Task details: Check every line below for the word "units" and copy the ones that have it.

Records for this task:
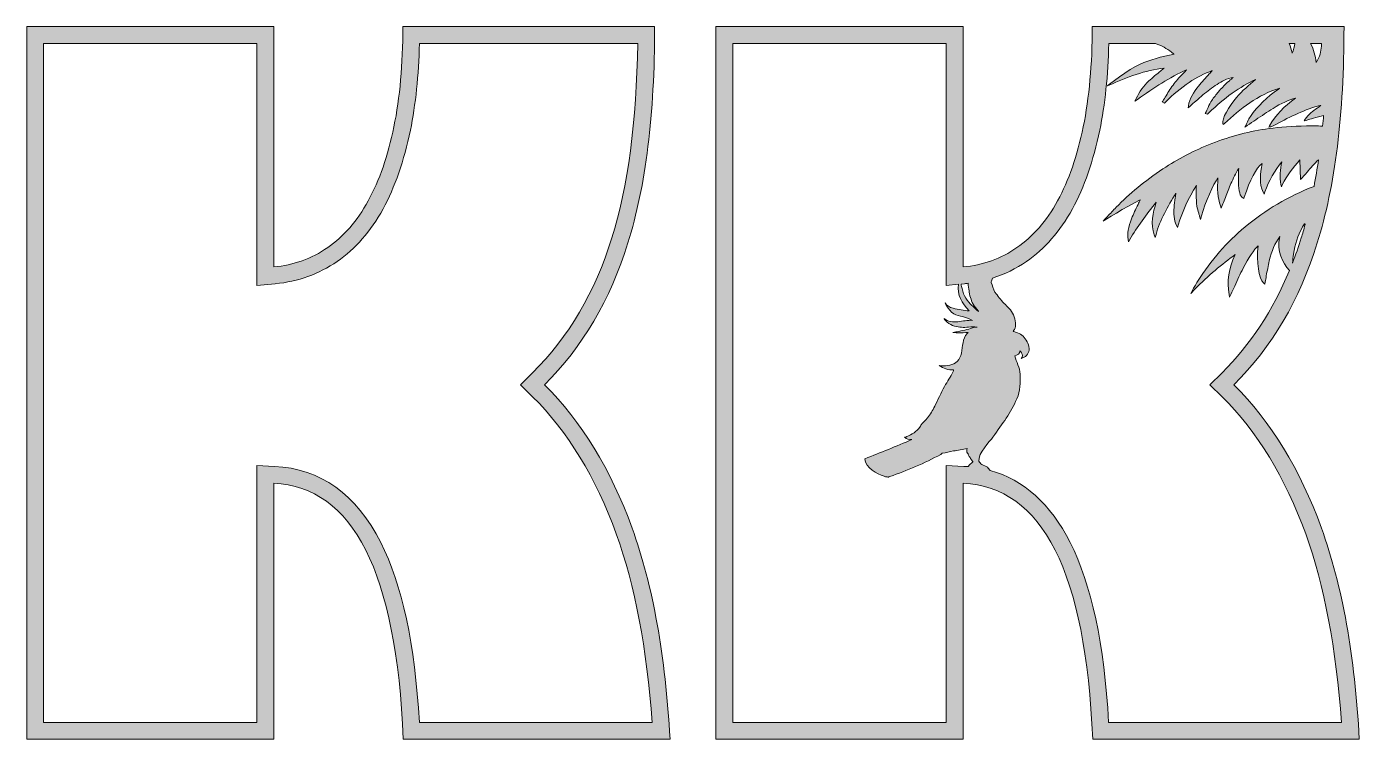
# Model space of a CAD drawing. Header units: millimetres. Extents: x 9 to 732, y -271 to -9.
# Drawn here: x 492.3 to 730, y -136.3 to -9.3 of the extents above; entities that cross this region are included whole.
import ezdxf

# ---------------------------------------------------------------- set-up
doc = ezdxf.new("R2010")
doc.units = ezdxf.units.MM
doc.header["$MEASUREMENT"] = 0
doc.layers.add('Layer 7', color=7, linetype='Continuous')
doc.layers.add('Layer8', color=7, linetype='Continuous')

msp = doc.modelspace()

# ---------------------------------------------------------------- hatches: boundary and pattern name
at = {"layer": 'Layer 7'}
h = msp.add_hatch(color=1, dxfattribs=at)
h.dxf.hatch_style = 2
edge = h.paths.add_edge_path()
edge.add_spline(control_points=[(723.21, -98.63), (719.4, -88.13), (714.19, -79.61), (707.58, -73.06), (714.37, -66.35), (719.33, -57.92), (722.46, -47.79), (725.64, -37.72), (727.23, -24.87), (727.23, -9.25), (727.23, -9.25), (682.32, -9.25), (682.32, -9.25), (682.32, -15.97), (681.78, -21.92), (680.72, -27.09), (679.65, -32.27), (678.13, -36.67), (676.15, -40.28), (674.17, -43.89), (671.75, -46.67), (668.9, -48.63), (666.05, -50.59), (662.84, -51.74), (659.27, -52.07), (659.27, -52.07), (659.27, -9.25), (659.27, -9.25), (659.27, -9.25), (615.21, -9.25), (615.21, -9.25), (615.21, -9.25), (615.21, -136.25), (615.21, -136.25), (615.21, -136.25), (659.27, -136.25), (659.27, -136.25), (659.27, -136.25), (659.27, -90.61), (659.27, -90.61), (673.46, -91.27), (681.16, -106.49), (682.4, -136.25), (682.4, -136.25), (729.96, -136.25), (729.96, -136.25), (729.17, -121.42), (726.92, -108.86), (723.21, -98.63)], knot_values=[0, 0, 0, 0, 1, 1, 1, 2, 2, 2, 3, 3, 3, 4, 4, 4, 5, 5, 5, 6, 6, 6, 7, 7, 7, 8, 8, 8, 9, 9, 9, 10, 10, 10, 11, 11, 11, 12, 12, 12, 13, 13, 13, 14, 14, 14, 15, 15, 15, 16, 16, 16, 16], degree=3, periodic=1)
edge = h.paths.add_edge_path()
edge.add_spline(control_points=[(719.59, -46.9), (719.12, -48.44), (718.6, -49.93), (718.03, -51.38), (718.09, -50.86), (718.16, -50.32), (718.24, -49.8), (718.51, -47.98), (718.99, -46.5), (719.74, -45.12), (719.86, -44.88), (720.03, -44.65), (720.21, -44.4), (720.22, -44.38), (720.24, -44.36), (720.25, -44.33), (720.25, -44.33), (720.29, -44.53), (720.29, -44.53), (720.07, -45.34), (719.84, -46.13), (719.59, -46.9)], knot_values=[0, 0, 0, 0, 1, 1, 1, 2, 2, 2, 3, 3, 3, 4, 4, 4, 5, 5, 5, 6, 6, 6, 7, 7, 7, 7], degree=3, periodic=1)
edge = h.paths.add_edge_path()
edge.add_spline(control_points=[(723.22, -12.25), (723.21, -12.41), (723.2, -12.57), (723.19, -12.73), (723.1, -13.64), (722.95, -14.61), (722.27, -15.63), (722.14, -14.46), (721.82, -13.36), (721.27, -12.25), (721.27, -12.25), (723.22, -12.25), (723.22, -12.25)], knot_values=[0, 0, 0, 0, 1, 1, 1, 2, 2, 2, 3, 3, 3, 4, 4, 4, 4], degree=3, periodic=1)
edge = h.paths.add_edge_path()
edge.add_spline(control_points=[(718.46, -12.25), (718.4, -12.81), (718.26, -13.38), (718.01, -13.98), (717.85, -13.37), (717.66, -12.79), (717.44, -12.25), (717.44, -12.25), (718.46, -12.25), (718.46, -12.25)], knot_values=[0, 0, 0, 0, 1, 1, 1, 2, 2, 2, 3, 3, 3, 3], degree=3, periodic=1)
edge = h.paths.add_edge_path()
edge.add_spline(control_points=[(659.56, -55.06), (659.77, -55.04), (659.98, -55.01), (660.19, -54.99), (660.22, -55.31), (660.29, -56.06), (660.34, -56.3), (660.4, -56.6), (660.47, -57.14), (660.61, -57.51), (660.76, -57.88), (660.84, -58.31), (661.08, -58.7), (661.31, -59.08), (661.73, -59.56), (661.98, -59.92), (662.02, -59.97), (662.04, -60), (662.03, -59.99), (661.84, -59.81), (661.78, -59.82), (661.53, -59.57), (661.28, -59.32), (660.87, -59), (660.57, -58.63), (660.26, -58.26), (659.79, -57.72), (659.55, -57.24), (659.31, -56.77), (659.12, -55.97), (659, -55.53), (658.94, -55.34), (658.94, -55.22), (658.95, -55.12), (658.95, -55.12), (659.56, -55.06), (659.56, -55.06)], knot_values=[0, 0, 0, 0, 1, 1, 1, 2, 2, 2, 3, 3, 3, 4, 4, 4, 5, 5, 5, 6, 6, 6, 7, 7, 7, 8, 8, 8, 9, 9, 9, 10, 10, 10, 11, 11, 11, 12, 12, 12, 12], degree=3, periodic=1)
edge = h.paths.add_edge_path()
edge.add_spline(control_points=[(656.27, -87.47), (656.27, -87.47), (656.27, -133.25), (656.27, -133.25), (656.27, -133.25), (618.21, -133.25), (618.21, -133.25), (618.21, -133.25), (618.21, -12.25), (618.21, -12.25), (618.21, -12.25), (656.27, -12.25), (656.27, -12.25), (656.27, -12.25), (656.27, -55.37), (656.27, -55.37), (656.27, -55.37), (658.46, -55.16), (658.46, -55.16), (658.14, -57.12), (659.07, -58.46), (660.39, -59.89), (659.39, -59.83), (658.47, -59.67), (657.49, -59.42), (656.9, -59.26), (656.4, -59.01), (656.08, -58.45), (655.98, -58.45), (656.94, -60.31), (658.02, -60.62), (659.11, -60.93), (660, -61.06), (660.97, -61.59), (660.06, -61.53), (659.25, -61.72), (658.35, -61.83), (657.45, -61.93), (656.64, -61.81), (655.88, -61.28), (655.8, -61.32), (656.9, -62.45), (657.75, -62.63), (658.6, -62.82), (659.4, -62.9), (660.26, -62.8), (660.8, -62.74), (661.24, -62.63), (661.77, -62.83), (661.62, -62.86), (661.45, -62.77), (661.3, -62.81), (660.85, -62.93), (660.41, -63.15), (659.96, -63.24), (659.5, -63.33), (658.95, -63.47), (658.53, -63.55), (658.11, -63.64), (657.84, -63.66), (657.45, -63.73), (657.43, -63.81), (659.15, -63.86), (660.19, -63.74), (659.99, -63.94), (659.82, -64.16), (659.73, -64.3), (659.05, -65.32), (659.29, -66.7), (658.87, -67.86), (658.69, -68.36), (658.39, -68.81), (657.96, -69.13), (657.14, -69.73), (656.03, -69.7), (655.01, -69.65), (655.75, -70.19), (656.67, -70.45), (657.58, -70.41), (657.58, -70.52), (657.54, -70.63), (657.5, -70.72), (657.09, -71.62), (656.45, -72.53), (655.98, -73.35), (655.31, -74.52), (654.82, -75.79), (654.23, -76.91), (653.81, -77.73), (653.48, -78.26), (652.95, -78.96), (652.59, -79.43), (652.15, -79.8), (651.76, -80.27), (651.68, -80.37), (651.71, -80.47), (651.58, -80.64), (651.01, -81.42), (650.14, -81.91), (649.23, -82.31), (649.13, -82.36), (648.97, -82.41), (648.86, -82.43), (649.19, -82.82), (649.67, -82.8), (650.14, -82.81), (647.39, -84.05), (644.56, -85.13), (641.77, -86.26), (641.88, -87.98), (643.91, -88.93), (645.2, -89.38), (645.72, -89.56), (645.4, -89.49), (645.72, -89.5), (646.05, -89.51), (645.85, -89.56), (646.23, -89.42), (649.23, -88.37), (652.45, -87.04), (655.29, -85.48), (655.38, -85.41), (655.47, -85.35), (655.55, -85.28), (656.27, -85.18), (656.84, -84.98), (657.59, -84.87), (658.34, -84.76), (659.23, -84.63), (659.99, -84.43), (659.96, -84.62), (659.97, -84.89), (659.97, -85.06), (659.98, -85.23), (660.11, -85.31), (660.17, -85.37), (660.23, -85.42), (660.19, -85.43), (660.2, -85.45), (660.27, -85.64), (660.35, -85.78), (660.45, -85.94), (660.47, -85.97), (660.5, -86), (660.52, -86.04), (660.62, -86.25), (660.94, -86.67), (661.03, -86.79), (661.11, -86.89), (661.05, -86.81), (661.05, -86.82), (660.96, -86.9), (660.86, -86.94), (660.77, -87.02), (660.57, -87.21), (660.4, -87.33), (660.23, -87.58), (660.21, -87.61), (660.2, -87.63), (660.19, -87.66), (659.93, -87.64), (659.67, -87.63), (659.41, -87.61), (659.41, -87.61), (656.27, -87.47), (656.27, -87.47)], knot_values=[0, 0, 0, 0, 1, 1, 1, 2, 2, 2, 3, 3, 3, 4, 4, 4, 5, 5, 5, 6, 6, 6, 7, 7, 7, 8, 8, 8, 9, 9, 9, 10, 10, 10, 11, 11, 11, 12, 12, 12, 13, 13, 13, 14, 14, 14, 15, 15, 15, 16, 16, 16, 17, 17, 17, 18, 18, 18, 19, 19, 19, 20, 20, 20, 21, 21, 21, 22, 22, 22, 23, 23, 23, 24, 24, 24, 25, 25, 25, 26, 26, 26, 27, 27, 27, 28, 28, 28, 29, 29, 29, 30, 30, 30, 31, 31, 31, 32, 32, 32, 33, 33, 33, 34, 34, 34, 35, 35, 35, 36, 36, 36, 37, 37, 37, 38, 38, 38, 39, 39, 39, 40, 40, 40, 41, 41, 41, 42, 42, 42, 43, 43, 43, 44, 44, 44, 45, 45, 45, 46, 46, 46, 47, 47, 47, 48, 48, 48, 49, 49, 49, 50, 50, 50, 51, 51, 51, 52, 52, 52, 53, 53, 53, 54, 54, 54, 55, 55, 55, 55], degree=3, periodic=1)
edge = h.paths.add_edge_path()
edge.add_spline(control_points=[(678.37, -101.17), (674.88, -94.28), (670.09, -89.98), (664.11, -88.34), (663.96, -88.15), (663.82, -87.96), (663.64, -87.78), (663.38, -87.5), (662.93, -87.45), (662.62, -87.25), (662.41, -87.11), (662.23, -86.88), (662.08, -86.68), (661.95, -85.26), (664.05, -83.19), (664.61, -82.39), (666.35, -79.9), (667.78, -78.14), (668.87, -75.59), (669.5, -74.12), (669.54, -72.68), (669.46, -71.2), (669.38, -69.94), (668.8, -69.06), (668.51, -67.89), (668.9, -67.76), (669.51, -67.54), (669.42, -67.05), (669.53, -67.13), (669.64, -67.23), (669.72, -67.35), (669.93, -67.65), (669.94, -68.12), (669.66, -68.36), (670.35, -68.17), (670.99, -67.61), (671.07, -66.89), (671.12, -66.48), (670.99, -66.06), (670.82, -65.68), (670.5, -64.95), (670, -64.24), (669.26, -63.93), (668.94, -63.79), (668.59, -63.67), (668.24, -63.56), (668.26, -63.54), (668.27, -63.52), (668.29, -63.5), (668.28, -63.46), (668.28, -63.43), (668.28, -63.39), (668.55, -63.16), (668.69, -62.77), (668.65, -62.36), (668.57, -61.41), (668.34, -60.45), (667.74, -59.71), (667.47, -59.37), (667.13, -59.09), (666.82, -58.79), (666.2, -58.18), (665.67, -57.49), (665.15, -56.8), (665.09, -56.72), (665.03, -56.64), (664.97, -56.56), (664.72, -56), (664.5, -55.41), (664.31, -54.83), (664.31, -54.8), (664.31, -54.77), (664.32, -54.75), (664.37, -54.54), (664.45, -54.3), (664.52, -54.06), (666.69, -53.38), (668.72, -52.4), (670.6, -51.1), (673.83, -48.89), (676.58, -45.73), (678.78, -41.72), (680.89, -37.86), (682.53, -33.15), (683.66, -27.7), (684.6, -23.14), (685.14, -17.95), (685.28, -12.25), (685.28, -12.25), (693.58, -12.25), (693.58, -12.25), (694.14, -12.46), (694.66, -12.66), (695.13, -12.91), (695.6, -13.17), (696.04, -13.5), (696.46, -13.82), (696.61, -13.94), (696.77, -14.06), (696.93, -14.17), (694.6, -14.6), (692.67, -15.16), (690.85, -15.93), (688.81, -16.8), (685.01, -19.82), (685.01, -19.82), (685.01, -19.82), (685.36, -19.67), (685.36, -19.67), (688.45, -18.29), (691.77, -16.98), (695.14, -16.66), (694.93, -16.83), (694.73, -16.99), (694.53, -17.15), (693.82, -17.72), (693.08, -18.31), (692.41, -18.93), (691.49, -19.78), (690.73, -20.84), (690.14, -22.08), (690.14, -22.08), (689.94, -22.52), (689.94, -22.52), (689.94, -22.52), (690.37, -22.22), (690.37, -22.22), (693.35, -20.14), (696.09, -18.29), (699.15, -16.93), (699, -17.09), (698.85, -17.25), (698.71, -17.4), (698.07, -18.07), (697.46, -18.71), (696.93, -19.4), (696.4, -20.09), (695.94, -20.83), (695.49, -21.55), (695.3, -21.87), (695.1, -22.19), (694.9, -22.5), (694.9, -22.5), (694.82, -22.62), (694.82, -22.62), (694.82, -22.62), (695.2, -22.87), (695.2, -22.87), (695.2, -22.87), (695.32, -22.76), (695.32, -22.76), (698.29, -19.86), (700.91, -18.09), (703.74, -17.08), (703.56, -17.28), (703.37, -17.48), (703.19, -17.67), (702.51, -18.4), (701.86, -19.08), (701.29, -19.83), (700.47, -20.9), (699.68, -22.06), (699.47, -23.37), (699.47, -23.37), (699.41, -23.72), (699.41, -23.72), (699.41, -23.72), (699.72, -23.45), (699.72, -23.45), (700.1, -23.13), (700.47, -22.81), (700.82, -22.5), (701.66, -21.76), (702.45, -21.07), (703.3, -20.42), (704.14, -19.79), (705.01, -19.25), (705.89, -18.8), (706.43, -18.52), (706.94, -18.4), (707.47, -18.3), (707.36, -18.4), (707.25, -18.49), (707.14, -18.59), (707.14, -18.59), (706.95, -18.75), (706.95, -18.75), (706.64, -19.03), (706.31, -19.31), (706, -19.6), (705.91, -19.68), (705.83, -19.77), (705.76, -19.86), (705.71, -19.92), (705.66, -19.98), (705.61, -20.03), (705.53, -20.11), (705.46, -20.18), (705.37, -20.25), (705.23, -20.38), (705.08, -20.52), (704.96, -20.68), (704.87, -20.79), (704.78, -20.9), (704.69, -21.02), (704.27, -21.54), (703.85, -22.08), (703.5, -22.64), (703.23, -23.08), (703.02, -23.55), (702.82, -23.99), (702.73, -24.19), (702.64, -24.39), (702.55, -24.58), (702.55, -24.58), (702.49, -24.72), (702.49, -24.72), (702.49, -24.72), (702.87, -24.83), (702.87, -24.83), (702.87, -24.83), (703.2, -24.52), (703.2, -24.52), (704.47, -23.34), (705.79, -22.13), (707.25, -21.12), (708.73, -20.11), (710.04, -19.29), (711.43, -18.69), (710.25, -19.66), (709.08, -20.67), (708.08, -21.85), (706.7, -23.47), (705.39, -25.72), (705.63, -26.48), (705.63, -26.48), (705.69, -26.68), (705.69, -26.68), (705.69, -26.68), (705.89, -26.5), (705.89, -26.5), (708.72, -23.91), (711.88, -21.37), (715.77, -20.2), (715.69, -20.27), (715.61, -20.32), (715.53, -20.38), (713.47, -21.78), (711.79, -23.42), (710.54, -25.25), (710.34, -25.54), (710.2, -25.84), (710.03, -26.19), (709.95, -26.36), (709.86, -26.53), (709.77, -26.72), (709.77, -26.72), (709.53, -27.17), (709.53, -27.17), (709.53, -27.17), (709.98, -26.87), (709.98, -26.87), (710.5, -26.52), (711, -26.18), (711.49, -25.85), (712.55, -25.13), (713.55, -24.45), (714.57, -23.81), (716.01, -22.92), (717.33, -22.31), (718.6, -21.98), (716.55, -23.42), (715.02, -25.04), (713.93, -26.91), (713.93, -26.91), (713.8, -27.14), (713.8, -27.14), (713.8, -27.14), (714.05, -27.11), (714.05, -27.11), (714.27, -27.08), (714.43, -27), (714.59, -26.92), (717.22, -25.52), (719.81, -24.2), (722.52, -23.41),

Solution:
# Model space of a CAD drawing. Header units: millimetres. Extents: x 9 to 732, y -271 to -9.
doc.units = ezdxf.units.MM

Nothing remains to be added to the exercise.